We develop a theoretical framework to evaluate the energy spectrum,

stationary states, and dielectric susceptibility of two Jaynes-Cummings

systems coupled together by the overlap of their respective longitudinal

field modes, and *we solve and characterize the combined system for the

case that the two atoms and two cavities share a single quantum of energy.

*

INTRODUCTION

The Jaynes-Cummings (JC) system1, 2 comprises a two-level atom (2LA) coupled to a single optical resonator mode.

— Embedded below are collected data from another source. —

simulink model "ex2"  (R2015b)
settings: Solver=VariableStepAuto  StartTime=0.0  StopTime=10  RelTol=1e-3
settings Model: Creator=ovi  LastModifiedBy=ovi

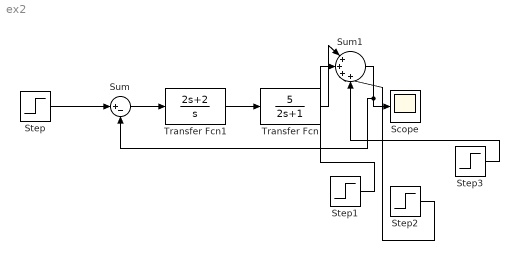
== system ex2 ==
  Scope : Scope
  Step : Step  SampleTime=0
  Step1 : Step  Time=2  After=0.2  SampleTime=0
  Step2 : Step  Time=4  After=0.3  SampleTime=0
  Step3 : Step  Time=6  After=0.4  SampleTime=0
  Sum : Sum  Inputs=|+-
  Sum1 : Sum  Inputs=|++++
  Transfer Fcn : TransferFcn  Numerator=[5]  Denominator=[2 1]
  Transfer Fcn1 : TransferFcn  Numerator=[2 2]  Denominator=[1 0]
  wires:
  Sum/1 -> Transfer Fcn1/1
  Step/1 -> Sum/1
  Transfer Fcn1/1 -> Transfer Fcn/1
  Step1/1 -> Sum1/2
  Transfer Fcn/1 -> Sum1/1
  Sum1/1 -> Sum/2, Scope/1
  Step2/1 -> Sum1/3
  Step3/1 -> Sum1/4
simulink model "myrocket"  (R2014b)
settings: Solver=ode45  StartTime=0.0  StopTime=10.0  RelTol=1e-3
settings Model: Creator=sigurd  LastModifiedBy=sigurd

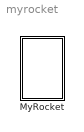
== system myrocket ==
  MyRocket : Subsystem

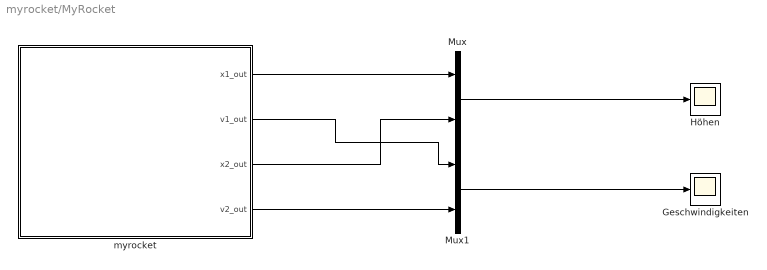
== system myrocket/MyRocket ==
  Geschwindigkeiten : Scope
  Höhen : Scope
  Mux : Mux  Inputs=2
  Mux1 : Mux  Inputs=2
  myrocket : Stateflow chart  TreatAsAtomicUnit=on  mask{m1_leer=500, m2_leer=1000, St1_Treibstoff=4000, St2_Treibstoff=1500, Durchsatz_1=20, Durchsatz_2=15, SchubProDurchsatz=4000}
      mask prompts: m1_leer "m1_leer [kg]"; m2_leer "m2_leer [kg]"; St1_Treibstoff "m1_Treibstoff [kg]"; St2_Treibstoff "m2_Treibstoff [kg]"; Durchsatz_1 "Durchsatz 1 [kg/s]"; Durchsatz_2 "Durchsatz 2 [kg/s]"; SchubProDurchsatz "SchubProDurchsatz [N/(kg/s)]"
  wires:
  myrocket/4(v2_out) -> Mux1/2
  myrocket/1(x1_out) -> Mux/1
  myrocket/3(x2_out) -> Mux/2
  Mux1/1 -> Geschwindigkeiten/1
  Mux/1 -> Höhen/1
  myrocket/2(v1_out) -> Mux1/1

== stateflow chart myrocket/MyRocket/myrocket ==
  settings: updateMethod=CONTINUOUS
  state Antriebslos
    du:
    % Derivatives
    [v1_dot, v2_dot] = Acc3();
    x1_dot=v1;x2_dot = v2;
    m1_dot=0;
    m2_dot=0;
    % Output
    x1_out=x1;x2_out=x2;
    v1_out=v1;v2_out=v2;
  state Stufe2
    du:
    % Derivatives
    [v1_dot, v2_dot] = Acc2();
    x1_dot=v1;x2_dot = v2;
    m1_dot=0;
    m2_dot= - Durchsatz_2;
    % Output
    x1_out=x1;x2_out=x2;
    v1_out=v1;v2_out=v2;
  state Stufe1
    du:
    % Derivatives
    [v1_dot, v2_dot] = Acc1();
    x1_dot=v1;x2_dot = v2;
    m1_dot = - Durchsatz_1;
    m2_dot=0;
    % Output
    x1_out=x1;x2_out=x2;
    v1_out=v1;v2_out=v2;
  Stufe2 -> Antriebslos : [m2 <= m2_leer]
  (default) -> Stufe1 : {init()}
  Stufe1 -> Stufe2 : [m1 <= m1_leer]
  data: a1 function_output; a2 function_output; a1 function_output; a2 function_output; a1 function_output; a2 function_output; x1_out output; v1_out output; x2_out output; v2_out output; x1 local; x2 local; v1 local; v2 local; rE constant double =6378*1000; mE constant double =5.9736*10^24; G constant double =66.743*10^(-12); m1_leer parameter; m2_leer parameter; St1_Treibstoff parameter; St2_Treibstoff parameter; Durchsatz_1 parameter; Durchsatz_2 parameter; SchubProDurchsatz parameter; m1 local; m2 local
  data x1 settings: updateMethod=SF_CONTINUOUS_TIME_DATA
  data x2 settings: updateMethod=SF_CONTINUOUS_TIME_DATA
  data v1 settings: updateMethod=SF_CONTINUOUS_TIME_DATA
  data v2 settings: updateMethod=SF_CONTINUOUS_TIME_DATA
  data m1 settings: updateMethod=SF_CONTINUOUS_TIME_DATA
  data m2 settings: updateMethod=SF_CONTINUOUS_TIME_DATA
  function [a1,a2] = Acc3:
    | function [a1,a2] = Acc3
    |  
    | r1 = x1 + rE;
    | Fs1 = G * (mE * m1) / (r1*r1);
    | r2 = x2 + rE;
    | Fs2 = G * (mE * m2) / (r2*r2);
    | 
    | a1 = - Fs1 / m1;
    | a2 = - Fs2 / m2;
  function init:
    | function init
    |  
    | x1 = 0;
    | v1 = 0;
    | 
    | x2 = 0;
    | v2 = 0;
    | 
    | m1 = m1_leer + St1_Treibstoff;
    | m2 = m2_leer + St2_Treibstoff;
  function [a1,a2] = Acc2:
    | function [a1,a2] = Acc2
    |  
    | r1 = x1 + rE;
    | Fs1 = G * (mE * m1) / (r1*r1);
    | r2 = x2 + rE;
    | Fs2 = G * (mE * m2) / (r2*r2);
    | Schubkraft_2 = Durchsatz_2 * SchubProDurchsatz;
    | 
    | a1 = - Fs1 / m1;
    | a2 = (Schubkraft_2- Fs2) / m2;
  function [a1,a2] = Acc1:
    | function [a1,a2] = Acc1
    | 
    | mR = m1 + m2;
    | r1 = x1 + rE;
    | Fs1 = G * (mE * mR) / (r1*r1);
    | Schubkraft_1 = Durchsatz_1 * SchubProDurchsatz;
    | 
    | a = (Schubkraft_1 - Fs1) / (m1+m2);
    | a1 = a;
    | a2 = a;

Although Jaynes and Cummings emphasized the robustness of the semiclassical description as compared to the fully

quantum model, manifestations of quantum field effects are now ubiquitous3–7 leading to optimism that JC systems will

soon be coupled together in one- or more-dimensional lattices8 thereby yielding novel condensed-matter phenomena.9–12

The first step to achieving coupled JC systems is to create and study a double-JC (DJC) system.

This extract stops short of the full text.